[Items from a dataset]
•••••
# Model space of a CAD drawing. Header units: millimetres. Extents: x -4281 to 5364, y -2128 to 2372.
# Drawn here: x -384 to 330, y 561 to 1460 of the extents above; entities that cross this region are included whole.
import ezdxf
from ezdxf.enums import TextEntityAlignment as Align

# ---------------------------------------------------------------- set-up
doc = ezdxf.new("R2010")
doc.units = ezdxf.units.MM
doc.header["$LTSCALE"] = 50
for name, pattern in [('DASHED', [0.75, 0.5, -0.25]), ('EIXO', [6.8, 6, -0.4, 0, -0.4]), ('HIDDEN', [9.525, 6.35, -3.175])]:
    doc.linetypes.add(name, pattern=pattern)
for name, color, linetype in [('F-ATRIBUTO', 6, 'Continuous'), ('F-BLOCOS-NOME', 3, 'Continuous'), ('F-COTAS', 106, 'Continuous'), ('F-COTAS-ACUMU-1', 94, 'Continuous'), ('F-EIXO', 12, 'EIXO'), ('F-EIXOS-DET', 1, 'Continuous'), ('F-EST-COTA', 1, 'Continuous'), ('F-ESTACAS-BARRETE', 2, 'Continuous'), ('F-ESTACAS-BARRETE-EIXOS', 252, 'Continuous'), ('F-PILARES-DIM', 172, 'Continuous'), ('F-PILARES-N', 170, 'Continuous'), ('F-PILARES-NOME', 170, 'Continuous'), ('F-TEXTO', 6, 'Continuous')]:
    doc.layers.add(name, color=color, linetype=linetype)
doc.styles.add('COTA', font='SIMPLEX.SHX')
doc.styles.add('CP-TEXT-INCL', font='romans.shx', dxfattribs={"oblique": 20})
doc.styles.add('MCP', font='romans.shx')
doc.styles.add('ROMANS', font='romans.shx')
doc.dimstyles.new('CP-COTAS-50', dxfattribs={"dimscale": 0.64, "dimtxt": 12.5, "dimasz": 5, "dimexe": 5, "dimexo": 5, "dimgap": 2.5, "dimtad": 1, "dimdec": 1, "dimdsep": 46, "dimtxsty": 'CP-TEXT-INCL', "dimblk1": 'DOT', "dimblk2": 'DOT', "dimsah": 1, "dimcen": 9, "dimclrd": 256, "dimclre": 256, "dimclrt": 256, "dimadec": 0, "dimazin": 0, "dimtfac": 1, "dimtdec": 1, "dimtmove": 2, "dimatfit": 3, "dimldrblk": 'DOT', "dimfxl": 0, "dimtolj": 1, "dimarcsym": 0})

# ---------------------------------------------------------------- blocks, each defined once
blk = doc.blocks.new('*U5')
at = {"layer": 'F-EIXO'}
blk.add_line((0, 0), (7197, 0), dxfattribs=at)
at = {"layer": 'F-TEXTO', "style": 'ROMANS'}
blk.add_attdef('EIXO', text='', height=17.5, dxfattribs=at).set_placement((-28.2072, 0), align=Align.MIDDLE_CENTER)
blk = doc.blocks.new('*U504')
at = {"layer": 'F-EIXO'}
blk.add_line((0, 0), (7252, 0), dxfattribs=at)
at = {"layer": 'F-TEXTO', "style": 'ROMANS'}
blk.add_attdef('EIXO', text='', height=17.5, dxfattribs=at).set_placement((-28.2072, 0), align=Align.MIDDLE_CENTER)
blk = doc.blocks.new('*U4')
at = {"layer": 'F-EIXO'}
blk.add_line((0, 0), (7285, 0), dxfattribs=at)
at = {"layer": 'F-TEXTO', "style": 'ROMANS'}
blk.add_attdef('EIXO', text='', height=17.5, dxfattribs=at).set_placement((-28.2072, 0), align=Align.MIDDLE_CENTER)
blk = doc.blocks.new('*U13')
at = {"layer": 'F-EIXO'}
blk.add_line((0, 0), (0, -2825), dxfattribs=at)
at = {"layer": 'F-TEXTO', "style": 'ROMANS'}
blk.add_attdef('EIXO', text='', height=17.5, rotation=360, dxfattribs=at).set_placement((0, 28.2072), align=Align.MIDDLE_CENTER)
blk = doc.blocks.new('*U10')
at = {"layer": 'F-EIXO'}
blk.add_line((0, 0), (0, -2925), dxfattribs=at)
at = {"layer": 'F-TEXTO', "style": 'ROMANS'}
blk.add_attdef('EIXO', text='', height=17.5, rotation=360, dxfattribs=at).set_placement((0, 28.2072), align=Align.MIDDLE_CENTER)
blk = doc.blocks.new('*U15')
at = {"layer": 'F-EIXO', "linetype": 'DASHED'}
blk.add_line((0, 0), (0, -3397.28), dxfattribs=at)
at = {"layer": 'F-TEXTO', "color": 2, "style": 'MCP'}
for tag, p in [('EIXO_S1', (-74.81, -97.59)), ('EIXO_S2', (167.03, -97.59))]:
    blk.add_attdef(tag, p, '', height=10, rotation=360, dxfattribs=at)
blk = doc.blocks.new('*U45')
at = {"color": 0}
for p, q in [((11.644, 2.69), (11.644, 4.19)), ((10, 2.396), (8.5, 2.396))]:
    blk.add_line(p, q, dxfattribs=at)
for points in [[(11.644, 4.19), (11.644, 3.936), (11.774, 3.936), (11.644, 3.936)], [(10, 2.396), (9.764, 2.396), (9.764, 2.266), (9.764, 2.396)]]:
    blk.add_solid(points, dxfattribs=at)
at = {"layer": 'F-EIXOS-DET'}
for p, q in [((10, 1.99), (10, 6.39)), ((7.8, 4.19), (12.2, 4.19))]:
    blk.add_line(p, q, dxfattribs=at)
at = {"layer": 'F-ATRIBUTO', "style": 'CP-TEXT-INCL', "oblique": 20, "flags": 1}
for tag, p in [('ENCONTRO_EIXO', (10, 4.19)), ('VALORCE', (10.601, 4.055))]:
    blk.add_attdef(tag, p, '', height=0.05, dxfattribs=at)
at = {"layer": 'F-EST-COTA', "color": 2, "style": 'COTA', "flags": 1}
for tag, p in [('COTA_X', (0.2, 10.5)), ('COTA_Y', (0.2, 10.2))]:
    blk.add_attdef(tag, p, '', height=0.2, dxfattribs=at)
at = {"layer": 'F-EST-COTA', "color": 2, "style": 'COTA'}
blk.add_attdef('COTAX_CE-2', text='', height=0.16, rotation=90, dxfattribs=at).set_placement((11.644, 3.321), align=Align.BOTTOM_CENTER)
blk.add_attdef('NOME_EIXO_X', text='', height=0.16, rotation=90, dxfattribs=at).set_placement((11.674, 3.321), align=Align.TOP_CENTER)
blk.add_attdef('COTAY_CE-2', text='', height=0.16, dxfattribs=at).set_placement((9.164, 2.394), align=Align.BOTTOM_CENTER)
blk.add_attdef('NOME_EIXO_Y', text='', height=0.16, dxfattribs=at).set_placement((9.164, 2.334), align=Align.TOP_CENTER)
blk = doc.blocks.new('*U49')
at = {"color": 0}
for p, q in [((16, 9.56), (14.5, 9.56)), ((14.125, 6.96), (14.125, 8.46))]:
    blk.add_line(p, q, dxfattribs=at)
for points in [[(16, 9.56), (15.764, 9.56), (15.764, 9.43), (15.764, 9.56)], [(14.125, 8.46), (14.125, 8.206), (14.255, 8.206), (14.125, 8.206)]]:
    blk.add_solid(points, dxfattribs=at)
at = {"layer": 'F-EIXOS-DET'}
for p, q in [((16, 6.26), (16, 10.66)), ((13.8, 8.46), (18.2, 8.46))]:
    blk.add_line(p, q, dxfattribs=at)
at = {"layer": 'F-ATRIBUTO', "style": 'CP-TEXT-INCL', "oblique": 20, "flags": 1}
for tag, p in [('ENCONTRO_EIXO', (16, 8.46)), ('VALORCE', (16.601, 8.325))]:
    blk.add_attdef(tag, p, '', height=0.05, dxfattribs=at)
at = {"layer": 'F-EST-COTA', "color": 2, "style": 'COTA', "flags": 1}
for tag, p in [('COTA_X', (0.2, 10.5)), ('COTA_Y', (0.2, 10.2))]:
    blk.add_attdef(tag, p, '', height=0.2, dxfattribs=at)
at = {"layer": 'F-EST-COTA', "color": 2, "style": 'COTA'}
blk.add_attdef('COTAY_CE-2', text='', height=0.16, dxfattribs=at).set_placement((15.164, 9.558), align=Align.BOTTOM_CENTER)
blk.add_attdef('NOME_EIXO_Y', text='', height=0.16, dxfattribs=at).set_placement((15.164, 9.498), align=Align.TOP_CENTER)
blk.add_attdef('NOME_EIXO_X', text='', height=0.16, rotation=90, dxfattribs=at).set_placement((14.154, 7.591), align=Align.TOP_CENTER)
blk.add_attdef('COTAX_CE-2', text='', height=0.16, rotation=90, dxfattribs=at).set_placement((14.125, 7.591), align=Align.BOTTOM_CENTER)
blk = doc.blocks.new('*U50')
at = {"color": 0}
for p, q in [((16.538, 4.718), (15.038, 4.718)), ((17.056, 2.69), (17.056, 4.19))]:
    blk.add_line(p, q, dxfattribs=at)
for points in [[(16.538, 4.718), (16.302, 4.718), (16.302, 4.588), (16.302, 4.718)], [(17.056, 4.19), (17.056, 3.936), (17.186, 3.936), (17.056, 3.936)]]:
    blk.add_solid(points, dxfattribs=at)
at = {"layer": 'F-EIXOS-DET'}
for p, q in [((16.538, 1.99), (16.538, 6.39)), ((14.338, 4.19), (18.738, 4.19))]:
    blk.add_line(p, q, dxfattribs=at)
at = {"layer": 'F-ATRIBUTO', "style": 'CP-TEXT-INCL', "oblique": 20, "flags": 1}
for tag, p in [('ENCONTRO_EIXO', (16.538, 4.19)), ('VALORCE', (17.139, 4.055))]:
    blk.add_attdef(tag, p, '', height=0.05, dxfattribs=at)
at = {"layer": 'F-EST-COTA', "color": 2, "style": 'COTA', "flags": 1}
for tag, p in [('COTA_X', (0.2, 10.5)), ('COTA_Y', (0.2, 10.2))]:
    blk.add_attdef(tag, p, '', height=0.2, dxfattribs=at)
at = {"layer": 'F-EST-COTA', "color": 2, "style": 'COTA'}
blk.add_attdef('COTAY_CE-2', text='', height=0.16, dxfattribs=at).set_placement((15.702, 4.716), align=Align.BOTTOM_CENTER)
•••••
Each line from the beginning of the entries to the line with "from ezdxf.enums import" must be repeated exactly, with both end lines kept and no other lines given.

# Model space of a CAD drawing. Header units: millimetres. Extents: x -4281 to 5364, y -2128 to 2372.
# Drawn here: x -384 to 330, y 561 to 1460 of the extents above; entities that cross this region are included whole.
import ezdxf
from ezdxf.enums import TextEntityAlignment as Align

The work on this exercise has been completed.